'''
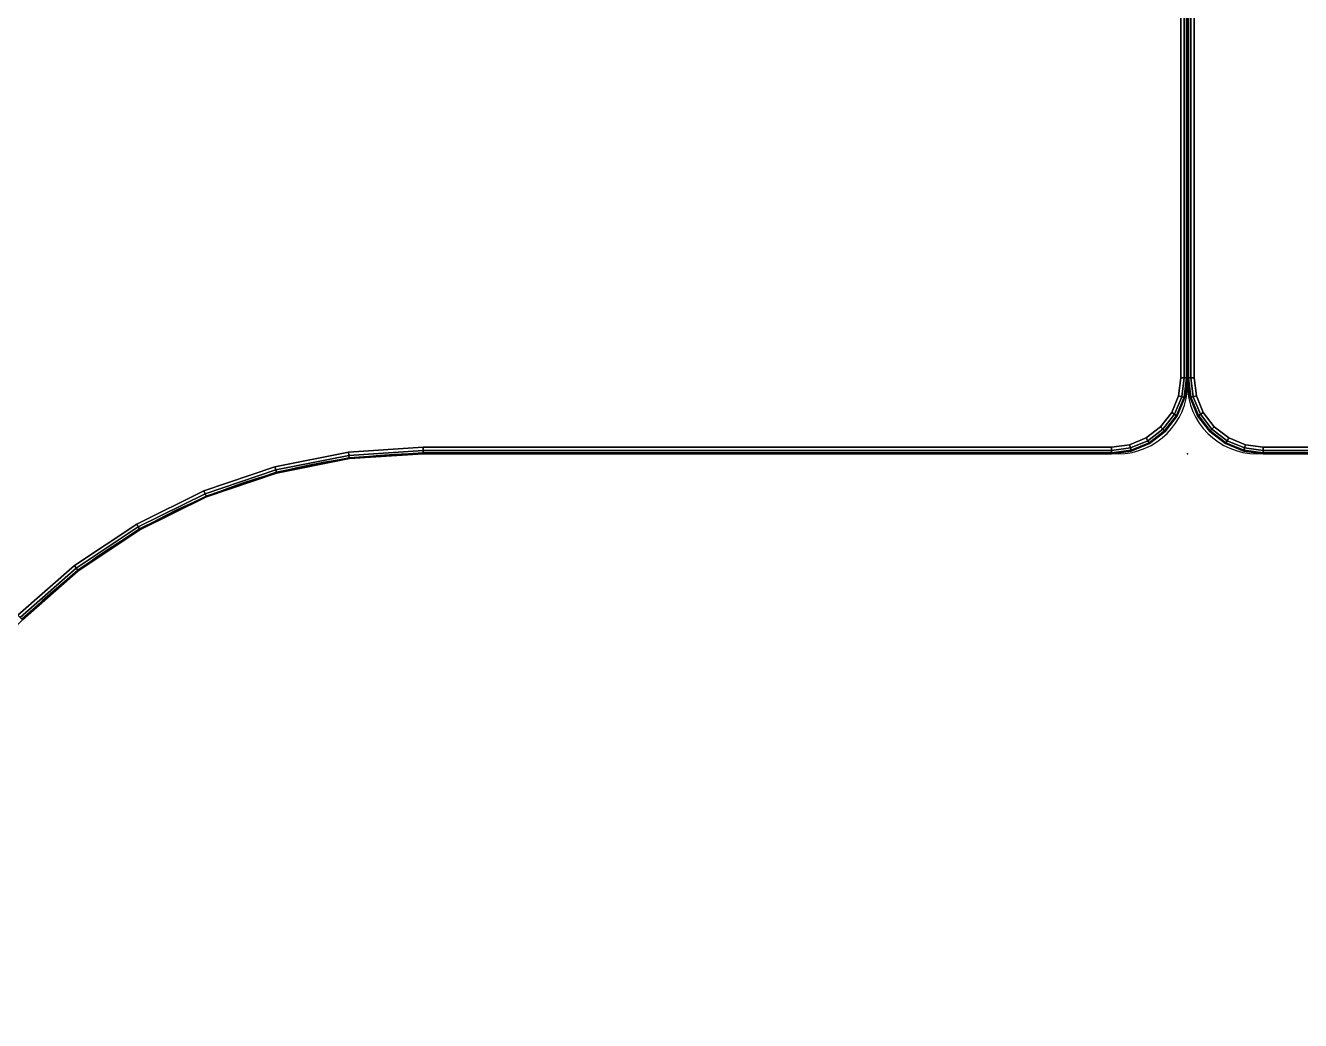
# Model space of a CAD drawing. Extents: x -170 to 1783, y -20 to 1205.
# Drawn here: x 195.68 to 218.67, y 944.19 to 962.13 of the extents above; entities that cross this region are included whole.
import ezdxf

# ---------------------------------------------------------------- set-up
doc = ezdxf.new("R2010")
doc.units = 0
doc.header["$LTSCALE"] = 96
doc.header["$MEASUREMENT"] = 0
for name, color, linetype in [('A-FURN-3-WKSF-TOP', 7, 'Continuous'), ('A-FURN-3-WKSF-TRIM', 7, 'Continuous'), ('A-FURN-P-WKSF', 7, 'Continuous'), ('MAIN_WKSURF', 7, 'Continuous')]:
    doc.layers.add(name, color=color, linetype=linetype)

# ---------------------------------------------------------------- blocks, each defined once
blk = doc.blocks.new('EC-WS-424-T')
at = {"layer": 'A-FURN-3-WKSF-TOP', "color": 60, "linetype": 'Continuous'}
for points, invisible_edges in [([(46.632, -0.118, 29), (46.632, -23.882, 29), (1.368, -23.882, 29), (1.368, -0.118, 29)], 5), ([(1.368, -0.118, 27.75), (1.368, -23.882, 27.75), (46.632, -23.882, 27.75), (46.632, -0.118, 27.75)], 5), ([(46.632, -23.882, 29), (46.632, -0.118, 29), (46.956, -0.161, 29), (46.956, -23.839, 29)], 5), ([(46.632, -23.882, 27.75), (46.956, -23.839, 27.75), (46.956, -0.161, 27.75), (46.632, -0.118, 27.75)], 10), ([(46.956, -23.839, 29), (46.956, -0.161, 29), (47.257, -0.285, 29), (47.257, -23.715, 29)], 5), ([(46.956, -23.839, 27.75), (47.257, -23.715, 27.75), (47.257, -0.285, 27.75), (46.956, -0.161, 27.75)], 10), ([(47.257, -23.715, 29), (47.257, -0.285, 29), (47.516, -0.484, 29), (47.516, -23.516, 29)], 5), ([(47.257, -23.715, 27.75), (47.516, -23.516, 27.75), (47.516, -0.484, 27.75), (47.257, -0.285, 27.75)], 10), ([(47.516, -23.516, 29), (47.516, -0.484, 29), (47.715, -0.743, 29), (47.715, -23.257, 29)], 5), ([(47.516, -23.516, 27.75), (47.715, -23.257, 27.75), (47.715, -0.743, 27.75), (47.516, -0.484, 27.75)], 10), ([(47.715, -23.257, 29), (47.715, -0.743, 29), (47.839, -1.044, 29), (47.839, -22.956, 29)], 5), ([(47.715, -23.257, 27.75), (47.839, -22.956, 27.75), (47.839, -1.044, 27.75), (47.715, -0.743, 27.75)], 10), ([(47.839, -22.956, 29), (47.839, -1.044, 29), (47.882, -1.368, 29), (47.882, -22.632, 29)], 1), ([(47.839, -22.956, 27.75), (47.882, -22.632, 27.75), (47.882, -1.368, 27.75), (47.839, -1.044, 27.75)], 8)]:
    blk.add_3dface(points, dxfattribs=dict(at, invisible_edges=invisible_edges))
at = {"layer": 'A-FURN-3-WKSF-TRIM', "color": 40, "linetype": 'Continuous'}
for points in [[(1.368, 0, 28.882), (1.368, 0, 27.868), (46.632, 0, 27.868), (46.632, 0, 28.882)], [(1.368, -0.016, 28.941), (1.368, 0, 28.882), (46.632, 0, 28.882), (46.632, -0.016, 28.941)], [(1.368, 0, 27.868), (1.368, -0.016, 27.809), (46.632, -0.016, 27.809), (46.632, 0, 27.868)], [(46.632, -0.016, 28.941), (46.632, 0, 28.882), (46.986, -0.047, 28.882), (46.982, -0.062, 28.941)], [(46.632, 0, 28.882), (46.632, 0, 27.868), (46.986, -0.047, 27.868), (46.986, -0.047, 28.882)], [(46.632, 0, 27.868), (46.632, -0.016, 27.809), (46.982, -0.062, 27.809), (46.986, -0.047, 27.868)], [(1.368, -0.059, 28.984), (1.368, -0.016, 28.941), (46.632, -0.016, 28.941), (46.632, -0.059, 28.984)], [(1.368, -0.016, 27.809), (1.368, -0.059, 27.766), (46.632, -0.059, 27.766), (46.632, -0.016, 27.809)], [(1.368, -0.118, 29), (1.368, -0.059, 28.984), (46.632, -0.059, 28.984), (46.632, -0.118, 29)], [(1.368, -0.059, 27.766), (1.368, -0.118, 27.75), (46.632, -0.118, 27.75), (46.632, -0.059, 27.766)], [(46.632, -0.059, 28.984), (46.632, -0.016, 28.941), (46.982, -0.062, 28.941), (46.971, -0.104, 28.984)], [(46.632, -0.016, 27.809), (46.632, -0.059, 27.766), (46.971, -0.104, 27.766), (46.982, -0.062, 27.809)], [(46.632, -0.118, 29), (46.632, -0.059, 28.984), (46.971, -0.104, 28.984), (46.956, -0.161, 29)], [(46.632, -0.059, 27.766), (46.632, -0.118, 27.75), (46.956, -0.161, 27.75), (46.971, -0.104, 27.766)], [(46.956, -0.161, 29), (46.971, -0.104, 28.984), (47.286, -0.234, 28.984), (47.257, -0.285, 29)], [(46.971, -0.104, 27.766), (46.956, -0.161, 27.75), (47.257, -0.285, 27.75), (47.286, -0.234, 27.766)], [(46.971, -0.104, 28.984), (46.982, -0.062, 28.941), (47.308, -0.197, 28.941), (47.286, -0.234, 28.984)], [(46.982, -0.062, 27.809), (46.971, -0.104, 27.766), (47.286, -0.234, 27.766), (47.308, -0.197, 27.809)], [(46.982, -0.062, 28.941), (46.986, -0.047, 28.882), (47.316, -0.183, 28.882), (47.308, -0.197, 28.941)], [(46.986, -0.047, 27.868), (46.982, -0.062, 27.809), (47.308, -0.197, 27.809), (47.316, -0.183, 27.868)], [(46.986, -0.047, 28.882), (46.986, -0.047, 27.868), (47.316, -0.183, 27.868), (47.316, -0.183, 28.882)], [(47.286, -0.234, 28.984), (47.308, -0.197, 28.941), (47.588, -0.412, 28.941), (47.558, -0.442, 28.984)], [(47.308, -0.197, 27.809), (47.286, -0.234, 27.766), (47.558, -0.442, 27.766), (47.588, -0.412, 27.809)], [(47.308, -0.197, 28.941), (47.316, -0.183, 28.882), (47.599, -0.401, 28.882), (47.588, -0.412, 28.941)], [(47.316, -0.183, 27.868), (47.308, -0.197, 27.809), (47.588, -0.412, 27.809), (47.599, -0.401, 27.868)], [(47.316, -0.183, 28.882), (47.316, -0.183, 27.868), (47.599, -0.401, 27.868), (47.599, -0.401, 28.882)], [(47.257, -0.285, 29), (47.286, -0.234, 28.984), (47.558, -0.442, 28.984), (47.516, -0.484, 29)], [(47.286, -0.234, 27.766), (47.257, -0.285, 27.75), (47.516, -0.484, 27.75), (47.558, -0.442, 27.766)], [(47.516, -0.484, 29), (47.558, -0.442, 28.984), (47.766, -0.714, 28.984), (47.715, -0.743, 29)], [(47.558, -0.442, 27.766), (47.516, -0.484, 27.75), (47.715, -0.743, 27.75), (47.766, -0.714, 27.766)], [(47.558, -0.442, 28.984), (47.588, -0.412, 28.941), (47.803, -0.692, 28.941), (47.766, -0.714, 28.984)], [(47.588, -0.412, 27.809), (47.558, -0.442, 27.766), (47.766, -0.714, 27.766), (47.803, -0.692, 27.809)], [(47.588, -0.412, 28.941), (47.599, -0.401, 28.882), (47.817, -0.684, 28.882), (47.803, -0.692, 28.941)], [(47.599, -0.401, 27.868), (47.588, -0.412, 27.809), (47.803, -0.692, 27.809), (47.817, -0.684, 27.868)], [(47.599, -0.401, 28.882), (47.599, -0.401, 27.868), (47.817, -0.684, 27.868), (47.817, -0.684, 28.882)], [(47.803, -0.692, 28.941), (47.817, -0.684, 28.882), (47.953, -1.014, 28.882), (47.938, -1.018, 28.941)], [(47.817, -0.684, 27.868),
'''
#### WORK INSTRUCTIONS
Only lines go in the copy, not pictures. Transcribe exactly from the start of the listing through the line containing "import ezdxf".

#### RESPONSE AREA
# Model space of a CAD drawing. Extents: x -170 to 1783, y -20 to 1205.
# Drawn here: x 195.68 to 218.67, y 944.19 to 962.13 of the extents above; entities that cross this region are included whole.
import ezdxf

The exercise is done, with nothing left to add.